=== DATA SUPPLIED ===

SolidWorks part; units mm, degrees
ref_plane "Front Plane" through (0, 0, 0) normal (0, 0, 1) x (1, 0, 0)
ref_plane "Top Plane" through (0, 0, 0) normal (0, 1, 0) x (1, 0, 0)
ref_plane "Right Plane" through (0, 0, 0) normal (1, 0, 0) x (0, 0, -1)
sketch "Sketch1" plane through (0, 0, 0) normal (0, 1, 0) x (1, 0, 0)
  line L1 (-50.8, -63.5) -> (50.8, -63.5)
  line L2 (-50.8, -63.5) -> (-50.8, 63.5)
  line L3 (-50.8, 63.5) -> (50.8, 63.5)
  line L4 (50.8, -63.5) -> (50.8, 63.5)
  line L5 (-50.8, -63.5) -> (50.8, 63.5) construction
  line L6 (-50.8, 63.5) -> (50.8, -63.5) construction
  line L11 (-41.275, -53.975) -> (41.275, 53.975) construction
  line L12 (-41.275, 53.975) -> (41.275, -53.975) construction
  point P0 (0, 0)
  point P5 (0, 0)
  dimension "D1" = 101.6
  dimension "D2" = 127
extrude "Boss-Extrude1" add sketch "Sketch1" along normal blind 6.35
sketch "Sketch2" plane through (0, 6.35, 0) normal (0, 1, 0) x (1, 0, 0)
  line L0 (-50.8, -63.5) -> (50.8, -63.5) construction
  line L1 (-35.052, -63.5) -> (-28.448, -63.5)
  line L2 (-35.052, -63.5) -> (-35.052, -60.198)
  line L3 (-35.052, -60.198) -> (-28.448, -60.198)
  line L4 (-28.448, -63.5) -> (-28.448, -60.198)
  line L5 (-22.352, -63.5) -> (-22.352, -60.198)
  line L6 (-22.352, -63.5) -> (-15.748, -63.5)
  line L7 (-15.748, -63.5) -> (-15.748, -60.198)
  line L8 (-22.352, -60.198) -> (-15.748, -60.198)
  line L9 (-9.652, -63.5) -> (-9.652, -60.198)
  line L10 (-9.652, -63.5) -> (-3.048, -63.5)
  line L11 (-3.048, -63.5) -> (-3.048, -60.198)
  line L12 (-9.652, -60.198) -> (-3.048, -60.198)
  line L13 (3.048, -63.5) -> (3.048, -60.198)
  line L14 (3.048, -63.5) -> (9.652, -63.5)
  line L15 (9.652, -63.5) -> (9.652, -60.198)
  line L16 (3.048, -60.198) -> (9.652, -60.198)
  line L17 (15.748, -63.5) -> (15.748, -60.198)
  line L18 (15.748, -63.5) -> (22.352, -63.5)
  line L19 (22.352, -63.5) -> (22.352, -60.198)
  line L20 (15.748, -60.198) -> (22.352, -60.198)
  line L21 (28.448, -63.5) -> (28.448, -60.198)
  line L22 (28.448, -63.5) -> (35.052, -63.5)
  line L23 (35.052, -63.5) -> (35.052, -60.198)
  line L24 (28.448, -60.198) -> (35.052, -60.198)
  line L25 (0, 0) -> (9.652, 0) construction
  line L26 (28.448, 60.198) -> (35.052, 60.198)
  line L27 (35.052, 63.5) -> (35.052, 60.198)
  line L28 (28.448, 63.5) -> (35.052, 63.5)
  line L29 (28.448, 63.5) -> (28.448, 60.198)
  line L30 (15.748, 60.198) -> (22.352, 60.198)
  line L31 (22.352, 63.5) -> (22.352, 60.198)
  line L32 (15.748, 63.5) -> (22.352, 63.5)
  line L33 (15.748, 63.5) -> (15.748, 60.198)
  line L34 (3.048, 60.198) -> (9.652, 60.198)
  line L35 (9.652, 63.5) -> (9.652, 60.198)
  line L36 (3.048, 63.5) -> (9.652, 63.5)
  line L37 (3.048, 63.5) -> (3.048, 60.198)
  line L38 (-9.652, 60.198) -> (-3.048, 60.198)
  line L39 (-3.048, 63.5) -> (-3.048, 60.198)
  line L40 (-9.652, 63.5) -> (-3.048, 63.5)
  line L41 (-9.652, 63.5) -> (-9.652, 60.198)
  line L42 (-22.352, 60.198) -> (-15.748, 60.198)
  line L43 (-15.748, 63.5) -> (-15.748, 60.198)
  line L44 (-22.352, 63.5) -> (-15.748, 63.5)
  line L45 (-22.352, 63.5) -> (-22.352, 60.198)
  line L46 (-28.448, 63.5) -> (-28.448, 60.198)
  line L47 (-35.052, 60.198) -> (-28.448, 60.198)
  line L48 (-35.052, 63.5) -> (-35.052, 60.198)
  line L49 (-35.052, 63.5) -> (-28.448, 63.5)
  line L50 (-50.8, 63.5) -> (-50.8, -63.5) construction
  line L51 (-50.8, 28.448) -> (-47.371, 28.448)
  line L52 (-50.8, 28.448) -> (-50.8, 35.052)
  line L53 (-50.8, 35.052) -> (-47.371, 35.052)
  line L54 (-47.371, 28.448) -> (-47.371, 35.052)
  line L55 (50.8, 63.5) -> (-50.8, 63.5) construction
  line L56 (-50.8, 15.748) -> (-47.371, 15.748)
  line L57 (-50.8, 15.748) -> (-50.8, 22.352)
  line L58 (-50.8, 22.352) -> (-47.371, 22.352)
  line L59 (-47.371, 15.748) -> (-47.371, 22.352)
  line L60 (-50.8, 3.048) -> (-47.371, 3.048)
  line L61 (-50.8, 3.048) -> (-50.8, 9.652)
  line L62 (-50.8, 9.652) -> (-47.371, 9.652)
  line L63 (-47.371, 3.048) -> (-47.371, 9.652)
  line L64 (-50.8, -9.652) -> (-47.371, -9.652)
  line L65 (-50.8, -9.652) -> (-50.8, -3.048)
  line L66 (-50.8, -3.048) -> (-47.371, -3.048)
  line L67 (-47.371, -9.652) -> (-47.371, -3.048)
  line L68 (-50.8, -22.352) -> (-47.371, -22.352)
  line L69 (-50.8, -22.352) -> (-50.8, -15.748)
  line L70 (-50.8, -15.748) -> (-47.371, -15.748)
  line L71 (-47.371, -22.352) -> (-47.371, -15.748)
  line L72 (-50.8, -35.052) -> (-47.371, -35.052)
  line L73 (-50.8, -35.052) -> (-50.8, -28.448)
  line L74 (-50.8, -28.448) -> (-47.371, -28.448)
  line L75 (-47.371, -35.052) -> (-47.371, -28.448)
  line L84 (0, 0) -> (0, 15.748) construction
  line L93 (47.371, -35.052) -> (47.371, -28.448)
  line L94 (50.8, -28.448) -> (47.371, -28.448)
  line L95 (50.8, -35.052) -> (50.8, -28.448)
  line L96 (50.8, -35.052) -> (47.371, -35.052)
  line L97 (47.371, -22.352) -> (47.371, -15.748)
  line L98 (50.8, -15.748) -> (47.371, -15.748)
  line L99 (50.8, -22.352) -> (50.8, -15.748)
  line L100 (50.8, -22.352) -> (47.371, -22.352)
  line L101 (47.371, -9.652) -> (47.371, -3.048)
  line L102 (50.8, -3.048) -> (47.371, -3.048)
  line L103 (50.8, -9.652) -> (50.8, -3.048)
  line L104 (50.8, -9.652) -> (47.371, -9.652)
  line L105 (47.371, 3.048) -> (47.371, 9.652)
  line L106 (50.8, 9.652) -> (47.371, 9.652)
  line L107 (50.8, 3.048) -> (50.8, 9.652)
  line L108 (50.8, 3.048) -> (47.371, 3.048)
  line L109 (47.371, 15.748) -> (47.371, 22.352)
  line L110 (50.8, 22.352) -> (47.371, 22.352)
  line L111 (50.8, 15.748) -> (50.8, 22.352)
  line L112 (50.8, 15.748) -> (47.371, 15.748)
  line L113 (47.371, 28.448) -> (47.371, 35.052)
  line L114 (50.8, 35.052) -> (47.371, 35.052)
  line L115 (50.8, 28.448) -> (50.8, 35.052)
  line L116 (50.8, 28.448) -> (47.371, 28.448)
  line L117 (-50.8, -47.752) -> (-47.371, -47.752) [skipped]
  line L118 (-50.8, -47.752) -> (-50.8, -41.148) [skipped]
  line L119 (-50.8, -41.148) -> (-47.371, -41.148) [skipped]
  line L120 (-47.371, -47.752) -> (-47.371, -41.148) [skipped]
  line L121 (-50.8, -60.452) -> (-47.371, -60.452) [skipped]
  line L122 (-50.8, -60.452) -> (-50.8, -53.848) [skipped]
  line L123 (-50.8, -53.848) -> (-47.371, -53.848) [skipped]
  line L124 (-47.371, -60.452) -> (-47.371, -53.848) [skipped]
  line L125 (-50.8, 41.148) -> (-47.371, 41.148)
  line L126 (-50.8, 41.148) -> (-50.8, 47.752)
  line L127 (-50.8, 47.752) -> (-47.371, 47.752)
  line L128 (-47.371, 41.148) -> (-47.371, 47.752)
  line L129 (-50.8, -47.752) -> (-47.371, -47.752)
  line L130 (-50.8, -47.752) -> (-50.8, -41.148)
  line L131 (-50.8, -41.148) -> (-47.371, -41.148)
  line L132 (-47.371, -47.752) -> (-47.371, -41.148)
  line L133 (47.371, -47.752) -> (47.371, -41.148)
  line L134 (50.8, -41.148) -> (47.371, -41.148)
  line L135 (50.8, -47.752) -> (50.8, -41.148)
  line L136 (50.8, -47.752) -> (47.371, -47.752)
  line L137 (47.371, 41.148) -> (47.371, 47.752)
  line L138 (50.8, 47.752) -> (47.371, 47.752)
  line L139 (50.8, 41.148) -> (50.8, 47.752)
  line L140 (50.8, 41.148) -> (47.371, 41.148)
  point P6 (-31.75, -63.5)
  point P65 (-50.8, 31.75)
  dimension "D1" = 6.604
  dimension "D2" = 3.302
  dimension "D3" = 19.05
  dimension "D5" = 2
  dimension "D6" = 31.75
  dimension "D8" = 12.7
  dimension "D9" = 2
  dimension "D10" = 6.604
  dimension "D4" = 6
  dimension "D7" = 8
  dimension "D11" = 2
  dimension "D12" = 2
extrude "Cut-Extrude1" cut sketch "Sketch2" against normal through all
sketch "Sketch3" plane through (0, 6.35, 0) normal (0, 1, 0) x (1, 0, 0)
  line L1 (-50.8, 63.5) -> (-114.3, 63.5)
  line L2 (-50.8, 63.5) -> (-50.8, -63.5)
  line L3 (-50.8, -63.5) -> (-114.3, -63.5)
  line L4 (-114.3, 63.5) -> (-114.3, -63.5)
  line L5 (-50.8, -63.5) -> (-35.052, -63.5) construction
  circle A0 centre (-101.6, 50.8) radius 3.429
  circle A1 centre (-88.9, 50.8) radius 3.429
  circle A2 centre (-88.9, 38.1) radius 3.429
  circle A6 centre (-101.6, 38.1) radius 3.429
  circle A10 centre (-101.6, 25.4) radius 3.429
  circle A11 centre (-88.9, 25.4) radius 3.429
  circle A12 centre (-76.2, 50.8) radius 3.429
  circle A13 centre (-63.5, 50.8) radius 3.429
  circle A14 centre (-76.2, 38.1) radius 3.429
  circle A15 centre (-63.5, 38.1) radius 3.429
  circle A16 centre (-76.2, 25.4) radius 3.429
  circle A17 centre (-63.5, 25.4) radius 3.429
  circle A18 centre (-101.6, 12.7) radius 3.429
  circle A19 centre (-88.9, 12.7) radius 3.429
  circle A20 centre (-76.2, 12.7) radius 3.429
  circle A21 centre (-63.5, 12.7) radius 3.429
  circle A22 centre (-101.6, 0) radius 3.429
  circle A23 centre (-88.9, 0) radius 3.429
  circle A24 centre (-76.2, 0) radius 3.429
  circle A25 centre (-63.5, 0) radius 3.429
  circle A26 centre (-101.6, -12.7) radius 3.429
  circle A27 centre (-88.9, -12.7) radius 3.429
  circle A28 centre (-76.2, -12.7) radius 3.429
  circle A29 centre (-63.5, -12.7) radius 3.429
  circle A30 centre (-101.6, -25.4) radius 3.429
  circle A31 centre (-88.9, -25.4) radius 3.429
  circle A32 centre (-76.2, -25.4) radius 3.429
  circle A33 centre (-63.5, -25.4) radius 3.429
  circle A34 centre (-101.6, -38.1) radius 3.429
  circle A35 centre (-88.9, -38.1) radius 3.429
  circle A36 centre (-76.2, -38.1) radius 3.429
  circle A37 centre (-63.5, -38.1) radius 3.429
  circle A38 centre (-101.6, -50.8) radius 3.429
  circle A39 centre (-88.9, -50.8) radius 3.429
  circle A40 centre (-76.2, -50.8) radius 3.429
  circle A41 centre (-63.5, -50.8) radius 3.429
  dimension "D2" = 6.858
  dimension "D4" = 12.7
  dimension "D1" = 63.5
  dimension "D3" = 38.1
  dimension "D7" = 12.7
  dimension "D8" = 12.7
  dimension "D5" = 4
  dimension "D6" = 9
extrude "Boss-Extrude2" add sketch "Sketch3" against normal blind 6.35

===

• _TASK PROMPT_
Search the records for the string "against" and report each line that has it.

• _EXERCISE RESULT_
extrude "Cut-Extrude1" cut sketch "Sketch2" against normal through all
extrude "Boss-Extrude2" add sketch "Sketch3" against normal blind 6.35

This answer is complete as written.